Task requirements:
Since pictures are not wanted, repeat only the text of the records, word for word.

Records shown:

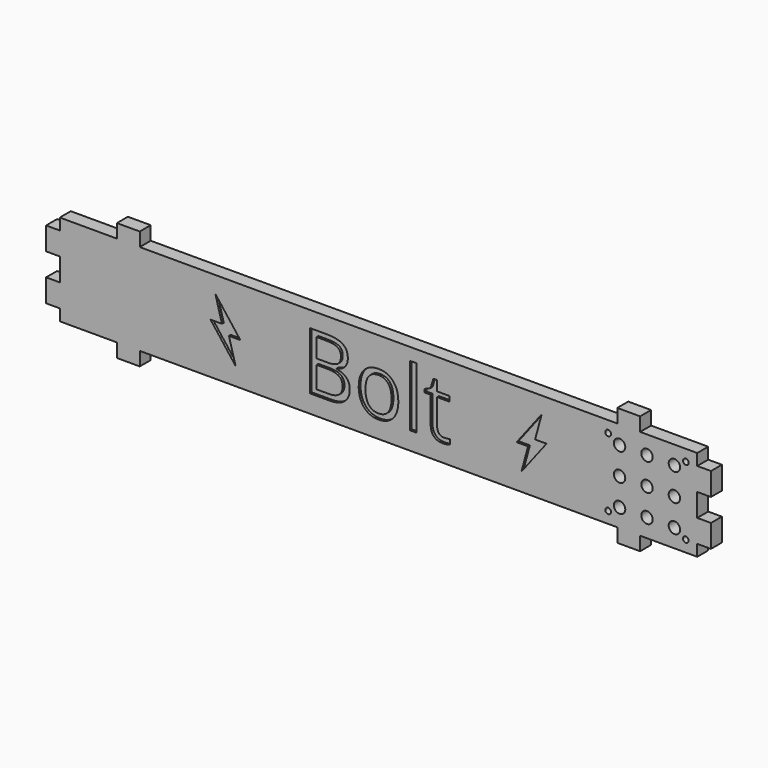
from build123d import *

# Parameters (mm, degrees)
F0_R         = 1.25
F0_R_2       = 2.5
F1_DEPTH     = 6
F3_TEXT_SIZE = 35.2573791761
F4_DEPTH     = 1


# Not quite as in the source:
# - a feature names something its author has since deleted; it is built from what else it names
# - Text() gives the source's letters only with a copy of the font that has no kerning and outlines rounded to 1/6400 em; it was checked with that copy


with BuildPart() as f1:
    # F0 (on Front) → F1 (new body)
    with BuildSketch(Plane.XZ):
        Polygon((-139.5, -63.528323397), (-139.5, -68.528323397), (-114.5, -68.528323397), (-114.5, -74.528323397), (-104.5, -74.528323397), (-104.5, -68.528323397), (0, -68.528323397), (104.5, -68.528323397), (104.5, -74.528323397), (114.5, -74.528323397), (114.5, -68.528323397), (139.5, -68.528323397), (139.5, -63.528323397), (145.5, -63.528323397), (145.5, -53.528323397), (139.5, -53.528323397), (139.5, -43.528323397), (145.5, -43.528323397), (145.5, -33.5283233315), (139.5, -33.5283233315), (139.4991906481, -28.528323397), (114.4991906481, -28.528323397), (114.4991906481, -22.528323397), (104.4991906481, -22.528323397), (104.4991906481, -28.528323397), (0, -28.528323397), (-104.4991906481, -28.528323397), (-104.4991906481, -22.528323397), (-114.4991906481, -22.528323397), (-114.4991906481, -28.528323397), (-139.4991906481, -28.528323397), (-139.5, -33.5283233315), (-145.5, -33.5283233315), (-145.5, -43.528323397), (-139.5, -43.528323397), (-139.5, -53.528323397), (-145.5, -53.528323397), (-145.5, -63.528323397), align=None)
        with Locations((100.5, -63.528323397)):
            Circle(F0_R, mode=Mode.SUBTRACT)
        with Locations((134.5, -63.528323397)):
            Circle(F0_R, mode=Mode.SUBTRACT)
        with Locations((105.5, -60.528323397)):
            Circle(F0_R_2, mode=Mode.SUBTRACT)
        with Locations((117.5, -60.528323397)):
            Circle(F0_R_2, mode=Mode.SUBTRACT)
        with Locations((129.5, -60.528323397)):
            Circle(F0_R_2, mode=Mode.SUBTRACT)
        with Locations((105.5, -48.528323397)):
            Circle(F0_R_2, mode=Mode.SUBTRACT)
        with Locations((117.5, -48.528323397)):
            Circle(F0_R_2, mode=Mode.SUBTRACT)
        with Locations((129.5, -48.528323397)):
            Circle(F0_R_2, mode=Mode.SUBTRACT)
        with Locations((105.5, -36.528323397)):
            Circle(F0_R_2, mode=Mode.SUBTRACT)
        with Locations((117.5, -36.528323397)):
            Circle(F0_R_2, mode=Mode.SUBTRACT)
        with Locations((129.5, -36.528323397)):
            Circle(F0_R_2, mode=Mode.SUBTRACT)
        with Locations((100.5, -33.528323397)):
            Circle(F0_R, mode=Mode.SUBTRACT)
        with Locations((134.5, -33.528323397)):
            Circle(F0_R, mode=Mode.SUBTRACT)
    extrude(amount=F1_DEPTH)

    # F3 (on offset) → F4 (cut)
    with BuildSketch(Plane.XZ.offset(6)):
        Polygon((65.4577315602, -50.0641831515), (62.5708529191, -60.6786040831), (73.5300201305, -46.3993655168), (68.5300201305, -46.3993655168), (71.4168987715, -35.7849445852), (60.4577315602, -50.0641831515), align=None)
        Polygon((-60.4577315602, -50.0641831515), (-71.4168987715, -35.7849445852), (-68.5300201305, -46.3993655168), (-73.5300201305, -46.3993655168), (-62.5708529191, -60.6786040831), (-65.4577315602, -50.0641831515), align=None)
        with Locations((-33.4915327727, -60.6786040831)):
            Text('Bolt', F3_TEXT_SIZE, font='Open Sans', text_align=(TextAlign.LEFT, TextAlign.BOTTOM))
    extrude(amount=-F4_DEPTH, mode=Mode.SUBTRACT)


solid = f1.part

Your response:
from build123d import *

# Parameters (mm, degrees)
F0_R         = 1.25
F0_R_2       = 2.5
F1_DEPTH     = 6
F3_TEXT_SIZE = 35.2573791761
F4_DEPTH     = 1


# Not quite as in the source:
# - a feature names something its author has since deleted; it is built from what else it names
# - Text() gives the source's letters only with a copy of the font that has no kerning and outlines rounded to 1/6400 em; it was checked with that copy


with BuildPart() as f1:
    # F0 (on Front) → F1 (new body)
    with BuildSketch(Plane.XZ):
        Polygon((-139.5, -63.528323397), (-139.5, -68.528323397), (-114.5, -68.528323397), (-114.5, -74.528323397), (-104.5, -74.528323397), (-104.5, -68.528323397), (0, -68.528323397), (104.5, -68.528323397), (104.5, -74.528323397), (114.5, -74.528323397), (114.5, -68.528323397), (139.5, -68.528323397), (139.5, -63.528323397), (145.5, -63.528323397), (145.5, -53.528323397), (139.5, -53.528323397), (139.5, -43.528323397), (145.5, -43.528323397), (145.5, -33.5283233315), (139.5, -33.5283233315), (139.4991906481, -28.528323397), (114.4991906481, -28.528323397), (114.4991906481, -22.528323397), (104.4991906481, -22.528323397), (104.4991906481, -28.528323397), (0, -28.528323397), (-104.4991906481, -28.528323397), (-104.4991906481, -22.528323397), (-114.4991906481, -22.528323397), (-114.4991906481, -28.528323397), (-139.4991906481, -28.528323397), (-139.5, -33.5283233315), (-145.5, -33.5283233315), (-145.5, -43.528323397), (-139.5, -43.528323397), (-139.5, -53.528323397), (-145.5, -53.528323397), (-145.5, -63.528323397), align=None)
        with Locations((100.5, -63.528323397)):
            Circle(F0_R, mode=Mode.SUBTRACT)
        with Locations((134.5, -63.528323397)):
            Circle(F0_R, mode=Mode.SUBTRACT)
        with Locations((105.5, -60.528323397)):
            Circle(F0_R_2, mode=Mode.SUBTRACT)
        with Locations((117.5, -60.528323397)):
            Circle(F0_R_2, mode=Mode.SUBTRACT)
        with Locations((129.5, -60.528323397)):
            Circle(F0_R_2, mode=Mode.SUBTRACT)
        with Locations((105.5, -48.528323397)):
            Circle(F0_R_2, mode=Mode.SUBTRACT)
        with Locations((117.5, -48.528323397)):
            Circle(F0_R_2, mode=Mode.SUBTRACT)
        with Locations((129.5, -48.528323397)):
            Circle(F0_R_2, mode=Mode.SUBTRACT)
        with Locations((105.5, -36.528323397)):
            Circle(F0_R_2, mode=Mode.SUBTRACT)
        with Locations((117.5, -36.528323397)):
            Circle(F0_R_2, mode=Mode.SUBTRACT)
        with Locations((129.5, -36.528323397)):
            Circle(F0_R_2, mode=Mode.SUBTRACT)
        with Locations((100.5, -33.528323397)):
            Circle(F0_R, mode=Mode.SUBTRACT)
        with Locations((134.5, -33.528323397)):
            Circle(F0_R, mode=Mode.SUBTRACT)
    extrude(amount=F1_DEPTH)

    # F3 (on offset) → F4 (cut)
    with BuildSketch(Plane.XZ.offset(6)):
        Polygon((65.4577315602, -50.0641831515), (62.5708529191, -60.6786040831), (73.5300201305, -46.3993655168), (68.5300201305, -46.3993655168), (71.4168987715, -35.7849445852), (60.4577315602, -50.0641831515), align=None)
        Polygon((-60.4577315602, -50.0641831515), (-71.4168987715, -35.7849445852), (-68.5300201305, -46.3993655168), (-73.5300201305, -46.3993655168), (-62.5708529191, -60.6786040831), (-65.4577315602, -50.0641831515), align=None)
        with Locations((-33.4915327727, -60.6786040831)):
            Text('Bolt', F3_TEXT_SIZE, font='Open Sans', text_align=(TextAlign.LEFT, TextAlign.BOTTOM))
    extrude(amount=-F4_DEPTH, mode=Mode.SUBTRACT)


solid = f1.part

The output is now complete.